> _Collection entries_
——
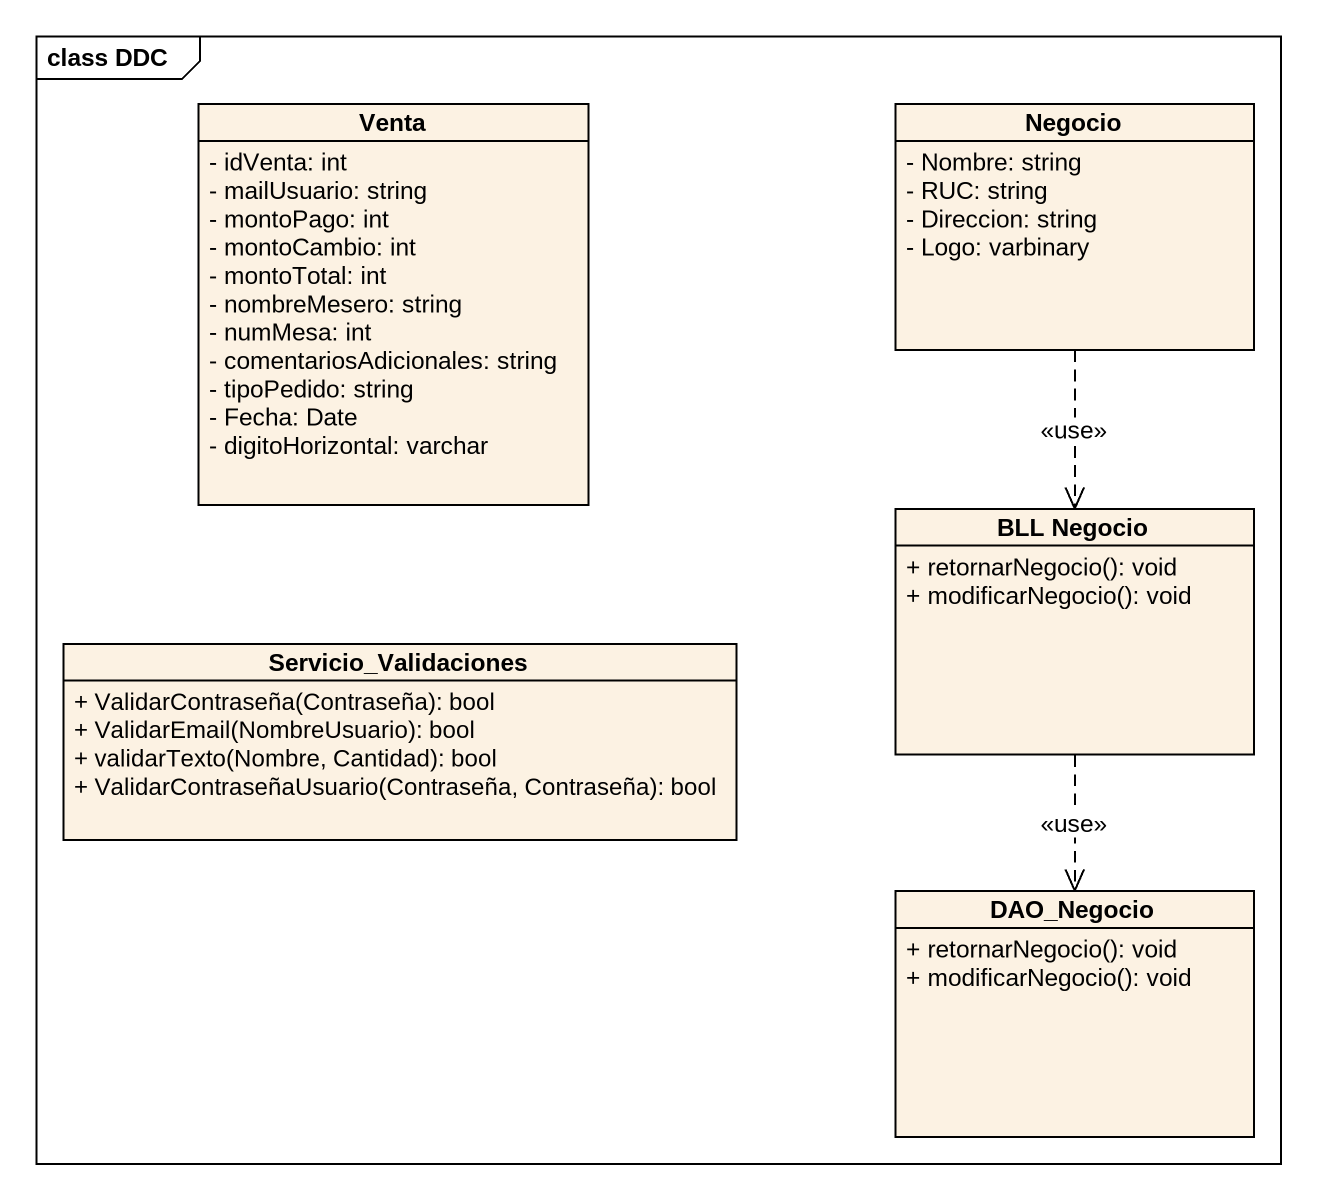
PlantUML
@startuml
mainframe class DDC
hide circle
hide empty members
skinparam classAttributeIconSize 0
class Venta {
  - idVenta: int
  - mailUsuario: string
  - montoPago: int
  - montoCambio: int
  - montoTotal: int
  - nombreMesero: string
  - numMesa: int
  - comentariosAdicionales: string
  - tipoPedido: string
  - Fecha: Date
  - digitoHorizontal: varchar
}
class Negocio {
  - Nombre: string
  - RUC: string
  - Direccion: string
  - Logo: varbinary
}
class "BLL Negocio" as BLL_Negocio {
  + retornarNegocio(): void
  + modificarNegocio(): void
}
class Servicio_Validaciones {
  + ValidarContraseña(Contraseña): bool
  + ValidarEmail(NombreUsuario): bool
  + validarTexto(Nombre, Cantidad): bool
  + ValidarContraseñaUsuario(Contraseña, Contraseña): bool
}
class DAO_Negocio {
  + retornarNegocio(): void
  + modificarNegocio(): void
}
Negocio ..> BLL_Negocio : <<use>>
BLL_Negocio ..> DAO_Negocio : <<use>>
@enduml
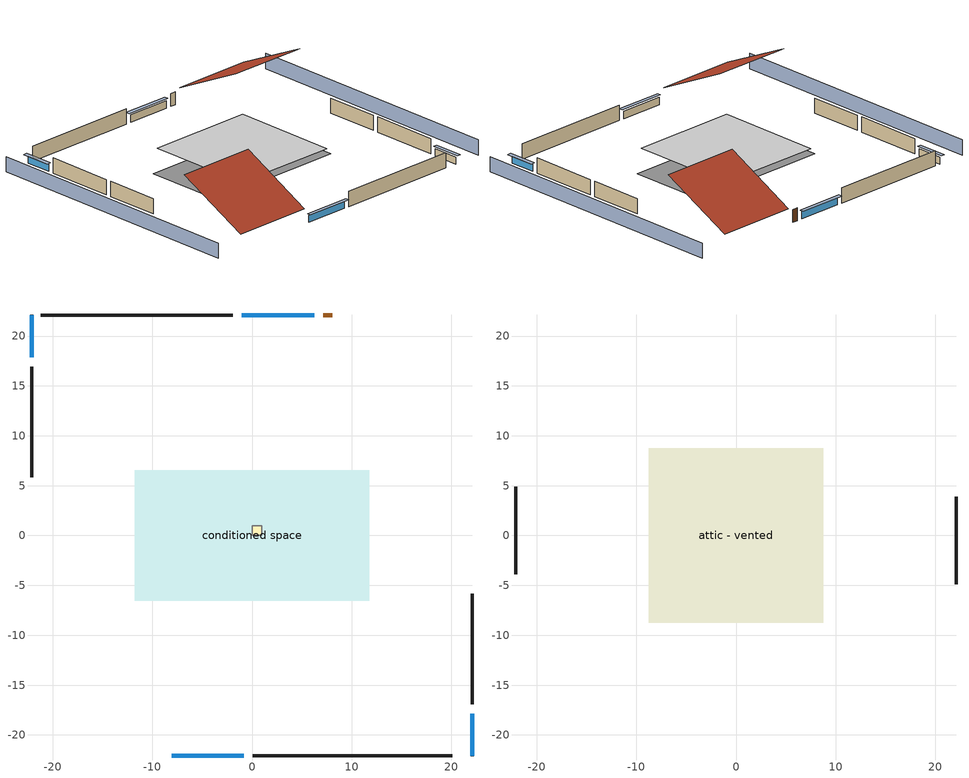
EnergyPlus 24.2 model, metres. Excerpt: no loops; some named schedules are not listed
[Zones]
central ac and furnace airloop ret air zone
 floor adiabatic (AdiabaticConst): 0,0 0,1 1,1 1,0 z0
 wall adiabatic (AdiabaticConst): 0,1 0,0 1,0 1,1 0,1 z0:1
 ceiling adiabatic (AdiabaticConst): 1,0 1,1 0,1 0,0 z1
conditioned space
 floor foundation (Slab1 construction): -11.76,-6.54 -11.76,6.54 11.76,6.54 11.76,-6.54 z0
 wall outside (AdiabaticWallConstruction 1): 8.07,22.11 7.15,22.11 z0:2.03
 wall outside (AdiabaticWallConstruction): -8.07,-22.11 -0.83,-22.11 / 6.22,22.11 -1.01,22.11 z0:1.19; -22.11,22.11 -22.11,17.86 / 22.11,-22.11 22.11,-17.86 z0:1.13
 wall outside (Wall1 construction): 0.1,-22.11 20.1,-22.11 z0:2.44
 wall outside (Wall2 construction): -22.11,16.94 -22.11,5.83 z0:2.44
 wall outside (Wall3 construction): -1.94,22.11 -21.18,22.11 z0:2.44
 wall outside (Wall4 construction): 22.11,-16.94 22.11,-5.83 z0:2.44
 window (WindowConstruction): -8.07,-22.11 -0.83,-22.11 z0:1.19
 window (WindowConstruction 1): -22.11,22.11 -22.11,17.86 z0:1.13
 window (WindowConstruction 2): 6.22,22.11 -1.01,22.11 z0:1.19
 window (WindowConstruction 3): 22.11,-22.11 22.11,-17.86 z0:1.13
 door (Door): 8.07,22.11 7.15,22.11 z0:2.03
attic - vented
 floor to conditioned space (Floor1 construction Reversed): -8.77,-8.77 -8.77,8.77 8.77,8.77 8.77,-8.77 z2.44
 wall outside (Wall5 construction): -22.11,4.9 -22.11,-3.86 z0:2.44
 wall outside (Wall6 construction): 22.11,-4.9 22.11,3.86 z0:2.44
 roof outside (Roof1 construction): -9,-22.11,2.44 -9,-10.38,8.3 -22.11,-10.38,8.3 -22.11,-22.11,2.44
 roof outside (Roof2 construction): 9,22.11,2.44 9,10.38,8.3 22.11,10.38,8.3 22.11,22.11,2.44
shading: -26.68,22.11 -26.68,-22.11 / 26.68,-22.11 26.68,22.11 z0:2.44; -0.53,-22.11 -8.37,-22.11 -8.37,-22.72 -0.53,-22.72 z1.49; -22.11,17.56 -22.11,22.41 -22.72,22.41 -22.72,17.56 z1.43; -1.32,22.11 6.53,22.11 6.53,22.72 -1.32,22.72 z1.49; 22.11,-17.56 22.11,-22.41 22.72,-22.41 22.72,-17.56 z1.43
[Building]
Building 1: Terrain=Suburbs
[Site:Location]
Portland Intl Arpt_OR: Latitude {deg}=45.59; Longitude {deg}=-122.6; Time Zone {hr}=-8; Elevation {m}=33; Keep Site Location Information=Yes
[Site:GroundTemperature:Shallow]
10.2558, 8.96328, 8.85977, 9.47314, 11.9355, 14.3863, 16.5111, 17.8571, 17.9714, 16.8767, 14.8061, 12.4304
[Site:WaterMainsTemperature]
Calculation Method=Schedule; Temperature Schedule=mains temperature schedule
[Material] Roughness=Rough; Thermal Absorptance=0.9
Name | Thickness {m} | Conductivity {W/m-K} | Density {kg/m3} | Specific Heat {J/kg-K} | Solar Absorptance | Visible Absorptance
asphalt or fiberglass shingles | 0.00635 | 0.162714 | 1121.4 | 1465.45 | 0.85 | 0.85
ceiling loosefill ins | 0.169333 | 0.0480833 | 16.02 | 1046.75 | 0.7 | 0.7
ceiling stud and cavity | 0.1397 | 0.0824711 | 65.682 | 1177.47 | 0.7 | 0.7
concrete 4.0 in. | 0.1016 | 1.803125 | 2242.8 | 837.4 | 0.7 | 0.7
door material | 0.04445 | 0.0612267 | 512.64 | 1214.23 | 0.7 | 0.7
floor covering | 0.0127 | 0.0450781 | 54.468 | 1339.84 | 0.9 | 0.9
furniture material conditioned space 1 | 0.1524 | 0.115458 | 640.8 | 1214.23 | 0.6 | 0.6
gypsum board | 0.0127 | 0.160291 | 801 | 837.4 | 0.6 | 0.6
osb sheathing 0.5 in. | 0.0127 | 0.115458 | 512.64 | 1214.23 | 0.6 | 0.6
osb sheathing 0.5 in. 1 | 0.0127 | 0.115458 | 512.64 | 1214.23 | 0.7 | 0.7
roof rigid ins | 0.00281632 | 0.029427 | 32.04 | 1214.23 | 0.7 | 0.7
wall rigid ins | 0.512978 | 0.029427 | 32.04 | 1214.23 | 0.7 | 0.7
wall stud and cavity | 0.1397 | 0.550994 | 139.0536 | 1170.24 | 0.7 | 0.7
wall stud and cavity 1 | 0.1397 | 0.727959 | 139.0536 | 1170.24 | 0.6 | 0.6
wall stud and cavity 2 | 0.0889 | 0.380278 | 52.3479 | 1209.89 | 0.7 | 0.7
wall stud and cavity 3 | 0.0889 | 0.391764 | 83.0341 | 1211.67 | 0.7 | 0.7
wood siding | 0.0254 | 0.102417 | 544.68 | 1172.36 | 0.85 | 0.85
wood siding 1; wood siding 2 | 0.0254 | 0.102417 | 544.68 | 1172.36 | 0.7 | 0.7
[Material:NoMass]
Adiabatic: Roughness=Rough; Thermal Resistance {m2-K/W}=176.1; Thermal Absorptance=0.9; Solar Absorptance=0.7; Visible Absorptance=0.7
[WindowMaterial:SimpleGlazingSystem]
WindowMaterial: U-Factor {W/m2-K}=4.76952; Solar Heat Gain Coefficient=0.63
[Construction]
AdiabaticConst: Adiabatic
AdiabaticWallConstruction: wood siding 1, wall rigid ins, wall stud and cavity 2, gypsum board
AdiabaticWallConstruction 1: wood siding 2, wall rigid ins, wall stud and cavity 2, gypsum board
Door: door material
Floor1 construction Reversed: gypsum board, ceiling stud and cavity, ceiling loosefill ins
furniture construction conditioned space 1: furniture material conditioned space 1
PartitionWallConstruction: gypsum board, wall stud and cavity 3, gypsum board
Roof1 construction; Roof2 construction: asphalt or fiberglass shingles, roof rigid ins, osb sheathing 0.5 in.
Slab1 construction: concrete 4.0 in., floor covering
Wall1 construction; Wall2 construction; Wall3 construction; Wall4 construction: wood siding, osb sheathing 0.5 in. 1, wall stud and cavity, gypsum board
Wall5 construction; Wall6 construction: wood siding, osb sheathing 0.5 in. 1, wall stud and cavity 1
WindowConstruction; WindowConstruction 1; WindowConstruction 2; WindowConstruction 3: WindowMaterial
[Zone] Multiplier=1
Name | Volume {m3} | Part of Total Floor Area
attic - vented | 401.93 | Yes
central ac and furnace airloop ret air zone | 1 | No
conditioned space | 749.83 | Yes
[Space]
Name | Zone | Volume {m3} | Space Type
attic - vented 1 | attic - vented | 401.93
central ac and furnace airloop ret air space | central ac and furnace airloop ret air zone |  | Plenum Space Type
conditioned space 1 | conditioned space | 749.83
[OtherEquipment] Design Level Calculation Method=EquipmentLevel
Name | Fuel Type | Zone or ZoneList or Space or SpaceList | Schedule | Design Level {W} | Fraction Latent | Fraction Radiant | Fraction Lost
central ac and furnace airloop_0 RetCondToDZ; central ac and furnace airloop_0 SupCondToDZ; central ac and furnace airloop_0 SupSensLkToDZ | None | attic - vented 1 | Always On Discrete | 0 | 0 | 0 | 0
central ac and furnace airloop_0 SupLatLkToDZ | None | attic - vented 1 | Always On Discrete | 0 | 1 | 0 | 0
central ac and furnace airloop_0 RetCondToRP; central ac and furnace airloop_0 RetSensLkToRP | None | central ac and furnace airloop ret air space | Always On Discrete | 0 | 0 | 0 | 0
central ac and furnace airloop_0 RetLatLkToRP | None | central ac and furnace airloop ret air space | Always On Discrete | 0 | 1 | 0 | 0
central ac and furnace airloop_0 SupCondToLv; central ac and furnace airloop_0 SupSensLkToCond; mech vent house fan sensible load; water heater sens | None | conditioned space 1 | Always On Discrete | 0 | 0 | 0 | 0
central ac and furnace airloop_0 SupLatLkToCond; mech vent house fan latent load; water heater lat | None | conditioned space 1 | Always On Discrete | 0 | 1 | 0 | 0
clothes dryer 1 | Electricity | conditioned space 1 | clothes_dryer | 0 | 0.015 | 0.081 | 0.85
cooking range 1 | Electricity | conditioned space 1 | cooking_range | 0 | 0.08 | 0.432 | 0.2
general water use latent | None | conditioned space 1 | general water use schedule | 62.594 | 1 | 0 | 0
general water use sensible | None | conditioned space 1 | general water use schedule | -61.6891 | 0 | 0.6 | 0
water heater energy adjustment1 | Electricity | conditioned space 1 | Always On Discrete | 0.01 | 0 | 0 | 1
[ZoneInfiltration:DesignFlowRate] Schedule=Always On Discrete; Design Flow Rate Calculation Method=Flow/Zone; Design Flow Rate {m3/s}=0
Name | Zone or ZoneList or Space or SpaceList
attic_vented 1 duct leakage imbalance infil flow | attic - vented 1
infil flow; natural vent flow; whole house fan flow | conditioned space 1
[ZoneInfiltration:EffectiveLeakageArea]
infil attic - vented 1: Zone or Space=attic - vented 1; Schedule=Always On Discrete; Effective Air Leakage Area {cm2}=10249.3; Stack Coefficient=0.00027267; Wind Coefficient=3.94678e-05
[ZoneMixing] Schedule=Always On Continuous; Design Flow Rate Calculation Method=Flow/Zone; Design Flow Rate {m3/s}=0
Name | Zone or Space | Source Zone or Space
central ac and furnace airloop_0 ZoneMixCondToDZ mix; whole house fan mix | attic - vented | conditioned space
central ac and furnace airloop_0 ZoneMixDZToCond mix | conditioned space | attic - vented
[SpaceList]
Plenum Space Type: central ac and furnace airloop ret air space
[SurfaceProperty:ExposedFoundationPerimeter]
Slab1: Exposed Perimeter Calculation Method=TotalExposedPerimeter; Total Exposed Perimeter {m}=73.18248
[SurfaceProperty:IncidentSolarMultiplier] Incident Solar Multiplier=1; Incident Solar Multiplier Schedule=trans schedule winter=0.85 summer=0.7
Window1; Window2; Window3; Window4
[InternalMass] Zone or ZoneList=conditioned space; Space or SpaceList=conditioned space 1
Name | Construction | Surface Area {m2}
furniture mass conditioned space 1 | furniture construction conditioned space 1 | 123.004
partition wall mass | PartitionWallConstruction | 307.509
[Lights]
interior lighting: Zone or ZoneList or Space or SpaceList=conditioned space 1; Schedule=lighting_interior; Design Level Calculation Method=LightingLevel; Lighting Level {W}=398.766; Return Air Fraction=0; Fraction Radiant=0.6; Fraction Visible=0.2; Fraction Replaceable=1
[People]
occupants: Zone or ZoneList or Space or SpaceList=conditioned space 1; Number of People Schedule=occupants; Number of People Calculation Method=People; Number of People=3; Fraction Radiant=0.314171; Sensible Heat Fraction=0.56303; Activity Level Schedule=occupants activity schedule; Carbon Dioxide Generation Rate {m3/s-W}=0; Enable ASHRAE 55 Comfort Warnings=No; Mean Radiant Temperature Calculation Type=EnclosureAveraged
[ElectricEquipment] Zone or ZoneList or Space or SpaceList=conditioned space 1; Design Level Calculation Method=EquipmentLevel
Name | Schedule | Design Level {W} | Fraction Latent | Fraction Radiant | Fraction Lost
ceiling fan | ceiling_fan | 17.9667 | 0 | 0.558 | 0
——
> _YOUR ASSIGNMENT_
Beginning with the first line of the records and ending with the line that contains "- comentariosAdicionales: string", reproduce every line exactly, omitting pictures and adding nothing.

> _WRITTEN ANSWER_
PlantUML
@startuml
mainframe class DDC
hide circle
hide empty members
skinparam classAttributeIconSize 0
class Venta {
  - idVenta: int
  - mailUsuario: string
  - montoPago: int
  - montoCambio: int
  - montoTotal: int
  - nombreMesero: string
  - numMesa: int
  - comentariosAdicionales: string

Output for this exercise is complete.